How many ways are there to select elements from a set, without replacement? Most of the examples I see are that of permutations. This query is whether there is a formal formula for a more exhaustive ordering:  
Eg:
The set $\{1\}$ is ordered as $\{1\}$. Just one possibility.
The set $\{1,2\}$ can only be ordered as: $\{1\},\{2\},\{1,2\},\{2,1\}$. Four possibilities.
The set $\{1,2,3\}$ can be ordered as:
$\{1\},\{2\},\{3\},\{1,2\},\{2,1\},\{1,3\},\{3,1\},\{2,3\},\{3,2\},\{1,2,3\},\{1,3,2\},\{2,1,3\},\{2,3,1\},\{3,1,2\},\{3,2,1\}$. Fifteen possibilities.
Since the sequence is 1,4 and 15, I'm not sure what formula would apply.  
I'm developing a program that randomly generates a few numbers from this set, but to know the total possibilities, I was hoping for a formula which could predict it.
 A: Let $f(n)$ be the number of possible words of any length over the alphabet $\{1,\dotsb, n\}$ where each letter appears at most once(including the empty word). Then
$$
f(n)=\sum_{i=0}^n\frac{n!}{(n-i)!}=n!\sum_{i=0}^n\frac{1}{i!}
$$
Note that 
$$
\begin{align}
0\leq en!-f(n)&=n!\left(\frac{1}{(n+1)!}+\frac{1}{(n+2)!}+\frac{1}{(n+3)!}\dotsb\right)\\
&=\frac{1}{(n+1)}+\frac{1}{(n+1)(n+2)}+\frac{1}{(n+1)(n+2)(n+3)}+\dotsb\\
&<\frac{1}{(n+1)}+\frac{1}{(n+1)^2}+\frac{1}{(n+1)^3}+\dotsb\\
&=1/n\leq1
\end{align}
$$
So $f(n)=\lfloor{en!}\rfloor$. If you want to exclude the empty word subtract one.
A: Did you want to count the empty set $\{\}$ as well? If yes, then just start the index $i$ at $0$ instead of $1$ in the below summation.
So far, you're doing
$$
\sum_{i=1}^{n} {}^n\text{P}_{i}
$$
for each natural number $n \in \mathbb{N}$, where ${}^n\text{P}_{i}$ is the permutation formula given by
$$
{}^n\text{P}_{i} = \frac{n!}{(n-i)!}.
$$
For example, to get $15$ you're doing
$$
\frac{3!}{(3-1)!} + \frac{3!}{(3-2)!} + \frac{3!}{(3-3)!} =  \frac{3!}{2!} + \frac{3!}{1!} + \frac{3!}{0!} = 3 + 6 + 6 = 15.
$$
I will leave it to you to see how each term corresponds to each set type, and hopefully you can understand where this formula comes from.
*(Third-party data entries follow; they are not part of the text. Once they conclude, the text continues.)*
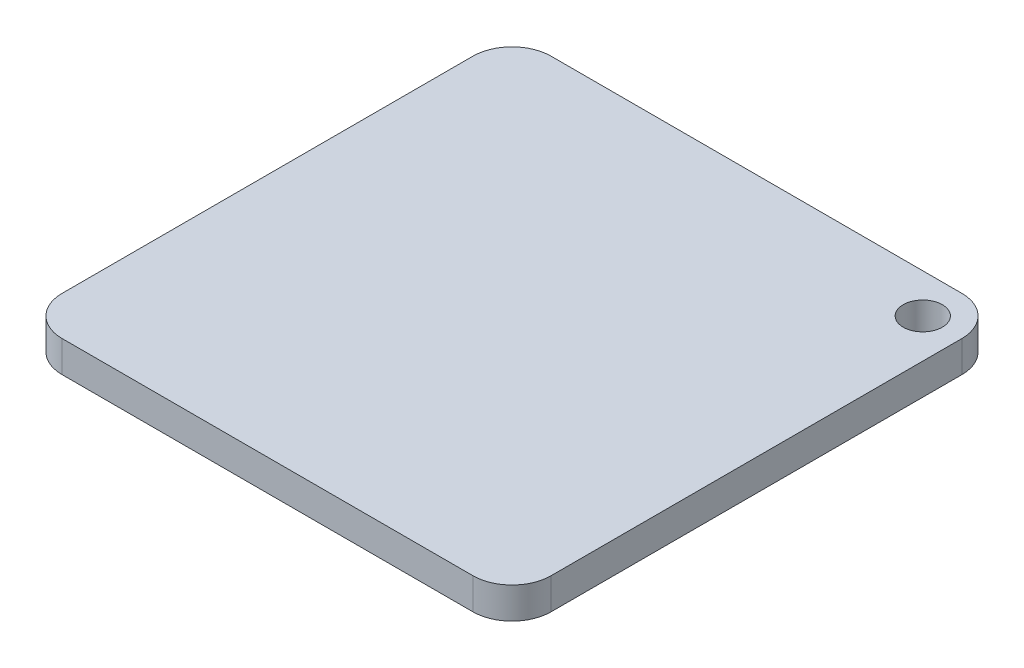
SolidWorks part; units mm, degrees
ref_plane "前视基准面" through (0, 0, 0) normal (0, 0, 1) x (1, 0, 0)
ref_plane "上视基准面" through (0, 0, 0) normal (0, 1, 0) x (1, 0, 0)
ref_plane "右视基准面" through (0, 0, 0) normal (1, 0, 0) x (0, 0, -1)
other "Configuration Table"
sketch "草图1" plane through (0, 0, 0) normal (0, 1, 0) x (1, 0, 0)
  line L1 (-10.5, 12.5) -> (10.5, 12.5)
  line L2 (-12.5, 10.5) -> (-12.5, -10.5)
  line L3 (-10.5, -12.5) -> (10.5, -12.5)
  line L4 (12.5, 10.5) -> (12.5, -10.5)
  line L5 (-12.5, 12.5) -> (12.5, -12.5) construction
  line L6 (-12.5, -12.5) -> (12.5, 12.5) construction
  arc A0 (-10.5, 12.5) -> (-12.5, 10.5) centre (-10.5, 10.5) ccw
  arc A1 (12.5, 10.5) -> (10.5, 12.5) centre (10.5, 10.5) ccw
  arc A2 (-12.5, -10.5) -> (-10.5, -12.5) centre (-10.5, -10.5) ccw
  arc A3 (10.5, -12.5) -> (12.5, -10.5) centre (10.5, -10.5) ccw
  circle A4 centre (10.5, 10.5) radius 1
  point P0 (0, 0)
  dimension "D3" = 4
  dimension "D4" = 4
  dimension "D5" = 4
  dimension "D6" = 4
  dimension "D7" = 2
  dimension "D1" = 25
  dimension "D2" = 25
  dimension "D8" = 25
  dimension "D9" = 25
  dimension "D10" = 12.5
  dimension "D11" = 12.5
extrude "凸台-拉伸1" add sketch "草图1" along normal blind 1.6

If not, I'd be happy to elaborate later.
A: As Bill Wallis posted, you are currently taking the sum
$$\sum_{r=1}^{n}\frac{n!}{(n-r)!}\, ,$$
or
$$\sum_{r=0}^{n}\frac{n!}{(n-r)!}$$
if we include the empty selection. 
Another way to write this is
$$\sum_{r=0}^{n}\frac{n!}{r!}\, .\tag{1}$$
If we now remember the expansion for $e^x$:
$$e^x=\sum_{r\ge 0}\frac{1}{r!}x^r\tag{2}$$
then the sum $(1)$ is approximated by putting $x=1$ in $(2)$ and multiplying by $n!$:
$$n!e=\sum_{r\ge 0}\frac{n!}{r!}\, .\tag{3}$$
Now, all that remains is to show is that the difference between $(3)$ and $(1)$ is less than $1$ (hint: perform a term by term comparison with a geometric series) and we have
$$\lfloor n!e\rfloor = \sum_{r=0}^{n}\frac{n!}{(n-r)!}\, .$$
Or, if you exclude the empty selection
$$\lfloor n!e\rfloor - 1 = \sum_{r=1}^{n}\frac{n!}{(n-r)!}\, .$$
The only reference I have for a push-button lock sequence is page 82 of An Introduction to Enumeration by Alan Camina and Barry Lewis. Unfortunately there are pages missing in the sample.